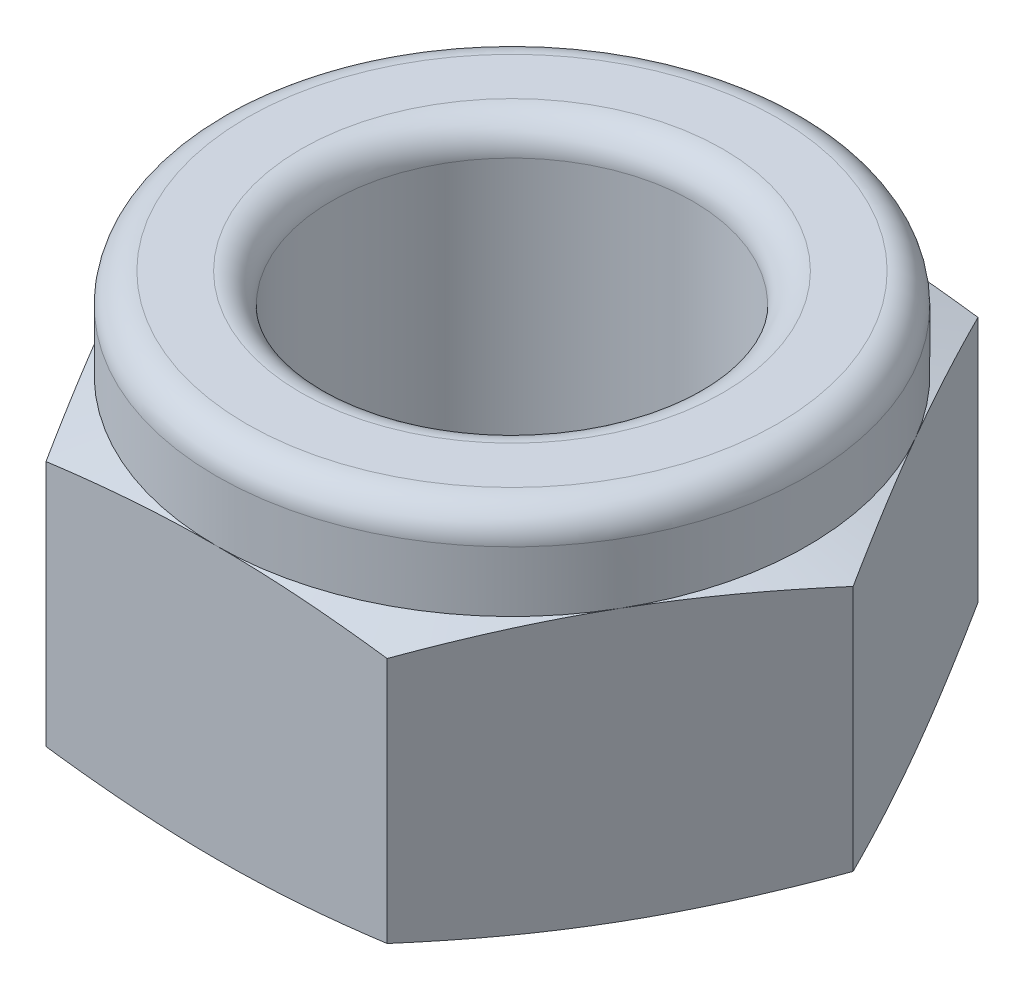
ISO-10303-21;
HEADER;
FILE_DESCRIPTION(('STEP AP214'),'2;1');
FILE_NAME('part.step','',(''),(''),'','','');
FILE_SCHEMA(('AUTOMOTIVE_DESIGN { 1 0 10303 214 1 1 1 1 }'));
ENDSEC;
DATA;
#1=APPLICATION_CONTEXT('core data for automotive mechanical design processes');
#2=APPLICATION_PROTOCOL_DEFINITION('international standard','automotive_design',2000,#1);
#3=PRODUCT_CONTEXT('',#1,'mechanical');
#4=PRODUCT('Part','Part','',(#3));
#5=PRODUCT_RELATED_PRODUCT_CATEGORY('part','',(#4));
#6=PRODUCT_DEFINITION_FORMATION('','',#4);
#7=PRODUCT_DEFINITION_CONTEXT('part definition',#1,'design');
#8=PRODUCT_DEFINITION('design','',#6,#7);
#9=PRODUCT_DEFINITION_SHAPE('','',#8);
#10=(LENGTH_UNIT() NAMED_UNIT(*) SI_UNIT(.MILLI.,.METRE.));
#11=(NAMED_UNIT(*) PLANE_ANGLE_UNIT() SI_UNIT($,.RADIAN.));
#12=(NAMED_UNIT(*) SI_UNIT($,.STERADIAN.) SOLID_ANGLE_UNIT());
#13=UNCERTAINTY_MEASURE_WITH_UNIT(LENGTH_MEASURE(1.E-05),#10,'distance_accuracy_value','');
#14=(GEOMETRIC_REPRESENTATION_CONTEXT(3) GLOBAL_UNCERTAINTY_ASSIGNED_CONTEXT((#13)) GLOBAL_UNIT_ASSIGNED_CONTEXT((#10,
#11,#12)) REPRESENTATION_CONTEXT('',''));
#15=CARTESIAN_POINT('',(0.,0.,0.));
#16=DIRECTION('',(0.,0.,1.));
#17=DIRECTION('',(1.,0.,0.));
#18=AXIS2_PLACEMENT_3D('',#15,#16,#17);
#19=CARTESIAN_POINT('',(2.82901631902917,2.25,4.9));
#20=DIRECTION('',(-0.866025403784439,0.,-0.5));
#21=DIRECTION('',(-0.5,0.,0.866025403784439));
#22=AXIS2_PLACEMENT_3D('',#19,#20,#21);
#23=PLANE('',#22);
#24=CARTESIAN_POINT('',(5.65814810811217,-2.04685482574104,-0.000199999999996387));
#25=CARTESIAN_POINT('',(5.54065660374499,-2.07835041652694,0.203301255021666));
#26=CARTESIAN_POINT('',(5.42295206823452,-2.10694325817324,0.407171490807086));
#27=CARTESIAN_POINT('',(5.18712729832681,-2.15717825137329,0.815631973970481));
#28=CARTESIAN_POINT('',(5.06900691470554,-2.17881757945266,1.02022247981204));
#29=CARTESIAN_POINT('',(4.83306664212638,-2.21388221078127,1.4288830194708));
#30=CARTESIAN_POINT('',(4.71524834873211,-2.22734933171967,1.63295028969074));
#31=CARTESIAN_POINT('',(4.47946150740952,-2.24540736758631,2.04134507861765));
#32=CARTESIAN_POINT('',(4.36149299297663,-2.25,2.24567253930882));
#33=CARTESIAN_POINT('',(4.12555596411087,-2.25,2.65432746069118));
#34=CARTESIAN_POINT('',(4.00758744967798,-2.24540736758631,2.85865492138235));
#35=CARTESIAN_POINT('',(3.77180060835539,-2.22734933171967,3.26704971030926));
#36=CARTESIAN_POINT('',(3.65398231496112,-2.21388221078127,3.47111698052921));
#37=CARTESIAN_POINT('',(3.41804204238195,-2.17881757945266,3.87977752018796));
#38=CARTESIAN_POINT('',(3.29992165876069,-2.15717825137329,4.08436802602952));
#39=CARTESIAN_POINT('',(3.06409688885298,-2.10694325817324,4.49282850919292));
#40=CARTESIAN_POINT('',(2.94639235334251,-2.07835041652694,4.69669874497834));
#41=CARTESIAN_POINT('',(2.82890084897533,-2.04685482574104,4.9002));
#42=B_SPLINE_CURVE_WITH_KNOTS('',3,(#24,#25,#26,#27,#28,#29,#30,#31,#32,#33,#34,#35,#36,#37,#38,
#39,#40,#41),.UNSPECIFIED.,.F.,.F.,(4,2,2,2,2,2,2,2,4),(0.,0.711290304723069,1.4228690650011,
2.13077523457241,2.83854438888412,3.54631354319584,4.25421971276715,4.96579847304517,
5.67708877776824),.UNSPECIFIED.);
#43=CARTESIAN_POINT('',(5.65803263805833,-2.04688576679584,0.));
#44=VERTEX_POINT('',#43);
#45=CARTESIAN_POINT('',(4.24352447854375,-2.25,2.45));
#46=VERTEX_POINT('',#45);
#47=EDGE_CURVE('E49',#44,#46,#42,.T.);
#48=ORIENTED_EDGE('',*,*,#47,.F.);
#49=DIRECTION('',(0.,-1.,0.));
#50=VECTOR('',#49,1.);
#51=CARTESIAN_POINT('',(5.65803263805833,2.25,0.));
#52=LINE('',#51,#50);
#53=CARTESIAN_POINT('',(5.65803263805833,2.04688576679584,0.));
#54=VERTEX_POINT('',#53);
#55=EDGE_CURVE('E314',#54,#44,#52,.T.);
#56=ORIENTED_EDGE('',*,*,#55,.F.);
#57=CARTESIAN_POINT('',(2.82890084897533,2.04685482574104,4.9002));
#58=CARTESIAN_POINT('',(2.94639235334251,2.07835041652694,4.69669874497834));
#59=CARTESIAN_POINT('',(3.06409688885298,2.10694325817324,4.49282850919291));
#60=CARTESIAN_POINT('',(3.29992165876069,2.15717825137329,4.08436802602952));
#61=CARTESIAN_POINT('',(3.41804204238196,2.17881757945266,3.87977752018796));
#62=CARTESIAN_POINT('',(3.65398231496112,2.21388221078127,3.47111698052921));
#63=CARTESIAN_POINT('',(3.77180060835539,2.22734933171967,3.26704971030926));
#64=CARTESIAN_POINT('',(4.00758744967798,2.24540736758631,2.85865492138235));
#65=CARTESIAN_POINT('',(4.12555596411087,2.25,2.65432746069118));
#66=CARTESIAN_POINT('',(4.36149299297663,2.25,2.24567253930882));
#67=CARTESIAN_POINT('',(4.47946150740952,2.24540736758631,2.04134507861765));
#68=CARTESIAN_POINT('',(4.71524834873211,2.22734933171967,1.63295028969074));
#69=CARTESIAN_POINT('',(4.83306664212639,2.21388221078127,1.42888301947079));
#70=CARTESIAN_POINT('',(5.06900691470555,2.17881757945266,1.02022247981204));
#71=CARTESIAN_POINT('',(5.18712729832681,2.15717825137329,0.81563197397048));
#72=CARTESIAN_POINT('',(5.42295206823452,2.10694325817324,0.407171490807085));
#73=CARTESIAN_POINT('',(5.54065660374499,2.07835041652693,0.203301255021665));
#74=CARTESIAN_POINT('',(5.65814810811217,2.04685482574104,-0.000199999999997785));
#75=B_SPLINE_CURVE_WITH_KNOTS('',3,(#57,#58,#59,#60,#61,#62,#63,#64,#65,#66,#67,#68,#69,#70,#71,
#72,#73,#74),.UNSPECIFIED.,.F.,.F.,(4,2,2,2,2,2,2,2,4),(0.,0.71129030472307,1.4228690650011,
2.13077523457241,2.83854438888412,3.54631354319584,4.25421971276715,4.96579847304517,
5.67708877776824),.UNSPECIFIED.);
#76=CARTESIAN_POINT('',(4.24352447854375,2.25,2.45));
#77=VERTEX_POINT('',#76);
#78=EDGE_CURVE('E144',#77,#54,#75,.T.);
#79=ORIENTED_EDGE('',*,*,#78,.F.);
#80=CARTESIAN_POINT('',(2.82901631902917,2.04688576679584,4.9));
#81=VERTEX_POINT('',#80);
#82=EDGE_CURVE('E158',#81,#77,#75,.T.);
#83=ORIENTED_EDGE('',*,*,#82,.F.);
#84=DIRECTION('',(0.,-1.,0.));
#85=VECTOR('',#84,1.);
#86=CARTESIAN_POINT('',(2.82901631902917,2.25,4.9));
#87=LINE('',#86,#85);
#88=CARTESIAN_POINT('',(2.82901631902917,-2.04688576679584,4.9));
#89=VERTEX_POINT('',#88);
#90=EDGE_CURVE('E164',#81,#89,#87,.T.);
#91=ORIENTED_EDGE('',*,*,#90,.T.);
#92=EDGE_CURVE('E272',#46,#89,#42,.T.);
#93=ORIENTED_EDGE('',*,*,#92,.F.);
#94=EDGE_LOOP('',(#48,#56,#79,#83,#91,#93));
#95=FACE_BOUND('',#94,.T.);
#96=ADVANCED_FACE('F34',(#95),#23,.F.);
#97=CARTESIAN_POINT('',(5.65803263805833,2.25,0.));
#98=DIRECTION('',(-0.866025403784438,0.,0.5));
#99=DIRECTION('',(0.5,0.,0.866025403784439));
#100=AXIS2_PLACEMENT_3D('',#97,#98,#99);
#101=PLANE('',#100);
#102=CARTESIAN_POINT('',(2.82890084897532,-2.04685482574104,-4.9002));
#103=CARTESIAN_POINT('',(2.94639235334251,-2.07835041652694,-4.69669874497834));
#104=CARTESIAN_POINT('',(3.06409688885297,-2.10694325817324,-4.49282850919292));
#105=CARTESIAN_POINT('',(3.29992165876068,-2.15717825137329,-4.08436802602952));
#106=CARTESIAN_POINT('',(3.41804204238195,-2.17881757945266,-3.87977752018796));
#107=CARTESIAN_POINT('',(3.65398231496111,-2.21388221078127,-3.47111698052921));
#108=CARTESIAN_POINT('',(3.77180060835539,-2.22734933171967,-3.26704971030926));
#109=CARTESIAN_POINT('',(4.00758744967798,-2.24540736758631,-2.85865492138235));
#110=CARTESIAN_POINT('',(4.12555596411086,-2.25,-2.65432746069117));
#111=CARTESIAN_POINT('',(4.36149299297663,-2.25,-2.24567253930882));
#112=CARTESIAN_POINT('',(4.47946150740951,-2.24540736758631,-2.04134507861764));
#113=CARTESIAN_POINT('',(4.71524834873211,-2.22734933171967,-1.63295028969073));
#114=CARTESIAN_POINT('',(4.83306664212638,-2.21388221078127,-1.42888301947079));
#115=CARTESIAN_POINT('',(5.06900691470554,-2.17881757945266,-1.02022247981203));
#116=CARTESIAN_POINT('',(5.18712729832681,-2.15717825137329,-0.815631973970474));
#117=CARTESIAN_POINT('',(5.42295206823452,-2.10694325817324,-0.407171490807079));
#118=CARTESIAN_POINT('',(5.54065660374499,-2.07835041652694,-0.203301255021658));
#119=CARTESIAN_POINT('',(5.65814810811217,-2.04685482574104,0.000200000000004888));
#120=B_SPLINE_CURVE_WITH_KNOTS('',3,(#102,#103,#104,#105,#106,#107,#108,#109,#110,#111,#112,
#113,#114,#115,#116,#117,#118,#119),.UNSPECIFIED.,.F.,.F.,(4,2,2,2,2,2,2,2,4),(0.,
0.711290304723071,1.4228690650011,2.13077523457242,2.83854438888413,3.54631354319584,
4.25421971276716,4.96579847304519,5.67708877776826),.UNSPECIFIED.);
#121=CARTESIAN_POINT('',(2.82901631902916,-2.04688576679584,-4.9));
#122=VERTEX_POINT('',#121);
#123=CARTESIAN_POINT('',(4.24352447854375,-2.25,-2.45));
#124=VERTEX_POINT('',#123);
#125=EDGE_CURVE('E57',#122,#124,#120,.T.);
#126=ORIENTED_EDGE('',*,*,#125,.F.);
#127=DIRECTION('',(0.,-1.,0.));
#128=VECTOR('',#127,1.);
#129=CARTESIAN_POINT('',(2.82901631902916,2.25,-4.9));
#130=LINE('',#129,#128);
#131=CARTESIAN_POINT('',(2.82901631902916,2.04688576679584,-4.9));
#132=VERTEX_POINT('',#131);
#133=EDGE_CURVE('E131',#132,#122,#130,.T.);
#134=ORIENTED_EDGE('',*,*,#133,.F.);
#135=CARTESIAN_POINT('',(5.65814810811217,2.04685482574104,0.000200000000003696));
#136=CARTESIAN_POINT('',(5.54065660374499,2.07835041652693,-0.20330125502166));
#137=CARTESIAN_POINT('',(5.42295206823452,2.10694325817324,-0.40717149080708));
#138=CARTESIAN_POINT('',(5.18712729832681,2.15717825137329,-0.815631973970475));
#139=CARTESIAN_POINT('',(5.06900691470554,2.17881757945266,-1.02022247981203));
#140=CARTESIAN_POINT('',(4.83306664212638,2.21388221078128,-1.42888301947079));
#141=CARTESIAN_POINT('',(4.71524834873211,2.22734933171967,-1.63295028969073));
#142=CARTESIAN_POINT('',(4.47946150740951,2.24540736758632,-2.04134507861765));
#143=CARTESIAN_POINT('',(4.36149299297663,2.25,-2.24567253930882));
#144=CARTESIAN_POINT('',(4.12555596411086,2.25,-2.65432746069118));
#145=CARTESIAN_POINT('',(4.00758744967798,2.24540736758631,-2.85865492138235));
#146=CARTESIAN_POINT('',(3.77180060835539,2.22734933171967,-3.26704971030926));
#147=CARTESIAN_POINT('',(3.65398231496111,2.21388221078127,-3.47111698052921));
#148=CARTESIAN_POINT('',(3.41804204238195,2.17881757945266,-3.87977752018796));
#149=CARTESIAN_POINT('',(3.29992165876068,2.15717825137329,-4.08436802602952));
#150=CARTESIAN_POINT('',(3.06409688885297,2.10694325817324,-4.49282850919292));
#151=CARTESIAN_POINT('',(2.94639235334251,2.07835041652693,-4.69669874497834));
#152=CARTESIAN_POINT('',(2.82890084897532,2.04685482574104,-4.9002));
#153=B_SPLINE_CURVE_WITH_KNOTS('',3,(#135,#136,#137,#138,#139,#140,#141,#142,#143,#144,#145,
#146,#147,#148,#149,#150,#151,#152),.UNSPECIFIED.,.F.,.F.,(4,2,2,2,2,2,2,2,4),(0.,
0.711290304723071,1.4228690650011,2.13077523457242,2.83854438888413,3.54631354319584,
4.25421971276716,4.96579847304519,5.67708877776826),.UNSPECIFIED.);
#154=CARTESIAN_POINT('',(4.24352447854375,2.25,-2.45));
#155=VERTEX_POINT('',#154);
#156=EDGE_CURVE('E124',#155,#132,#153,.T.);
#157=ORIENTED_EDGE('',*,*,#156,.F.);
#158=EDGE_CURVE('E128',#54,#155,#153,.T.);
#159=ORIENTED_EDGE('',*,*,#158,.F.);
#160=ORIENTED_EDGE('',*,*,#55,.T.);
#161=EDGE_CURVE('E256',#124,#44,#120,.T.);
#162=ORIENTED_EDGE('',*,*,#161,.F.);
#163=EDGE_LOOP('',(#126,#134,#157,#159,#160,#162));
#164=FACE_BOUND('',#163,.T.);
#165=ADVANCED_FACE('F126',(#164),#101,.F.);
#166=CARTESIAN_POINT('',(2.82901631902916,2.25,-4.9));
#167=DIRECTION('',(0.,0.,1.));
#168=DIRECTION('',(1.,0.,0.));
#169=AXIS2_PLACEMENT_3D('',#166,#167,#168);
#170=PLANE('',#169);
#171=CARTESIAN_POINT('',(-7.5054369258689,-1.16122954237772,-4.9));
#172=CARTESIAN_POINT('',(-7.28288924097298,-1.21114846308082,-4.9));
#173=CARTESIAN_POINT('',(-7.06020295678752,-1.26046048299816,-4.9));
#174=CARTESIAN_POINT('',(-6.61448507368936,-1.35754309367652,-4.9));
#175=CARTESIAN_POINT('',(-6.39145346043607,-1.40531361852061,-4.9));
#176=CARTESIAN_POINT('',(-5.94478009359562,-1.49902654736092,-4.9));
#177=CARTESIAN_POINT('',(-5.7211379586814,-1.54496714022768,-4.9));
#178=CARTESIAN_POINT('',(-5.27338976892989,-1.6345277899107,-4.9));
#179=CARTESIAN_POINT('',(-5.0492837179798,-1.67814786608963,-4.9));
#180=CARTESIAN_POINT('',(-4.60231235778098,-1.7621785296635,-4.9));
#181=CARTESIAN_POINT('',(-4.37945134801138,-1.80261187485217,-4.9));
#182=CARTESIAN_POINT('',(-3.93312263982553,-1.87997224824028,-4.9));
#183=CARTESIAN_POINT('',(-3.70965495476974,-1.91689935302167,-4.9));
#184=CARTESIAN_POINT('',(-3.26206689124958,-1.98642038758362,-4.9));
#185=CARTESIAN_POINT('',(-3.03794659033512,-2.019014812333,-4.9));
#186=CARTESIAN_POINT('',(-2.58899209930863,-2.07891392364868,-4.9));
#187=CARTESIAN_POINT('',(-2.36415790840365,-2.10621860433725,-4.9));
#188=CARTESIAN_POINT('',(-1.91122981039649,-2.15476982044963,-4.9));
#189=CARTESIAN_POINT('',(-1.68312799142318,-2.17594363931311,-4.9));
#190=CARTESIAN_POINT('',(-1.22634623883701,-2.21077529946704,-4.9));
#191=CARTESIAN_POINT('',(-0.997666318606688,-2.22443331316996,-4.9));
#192=CARTESIAN_POINT('',(-0.540060782632924,-2.2434370320707,-4.9));
#193=CARTESIAN_POINT('',(-0.311135330575895,-2.24878659938816,-4.9));
#194=CARTESIAN_POINT('',(0.146754913524524,-2.25084402689222,-4.9));
#195=CARTESIAN_POINT('',(0.375719705516388,-2.24755189831209,-4.9));
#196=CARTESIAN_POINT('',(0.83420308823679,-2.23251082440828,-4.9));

### Activity
Could you copy each line from the listing that has the word "VECTOR" in it?

### Reply to the exercise
#50=VECTOR('',#49,1.);
#85=VECTOR('',#84,1.);
#128=VECTOR('',#127,1.);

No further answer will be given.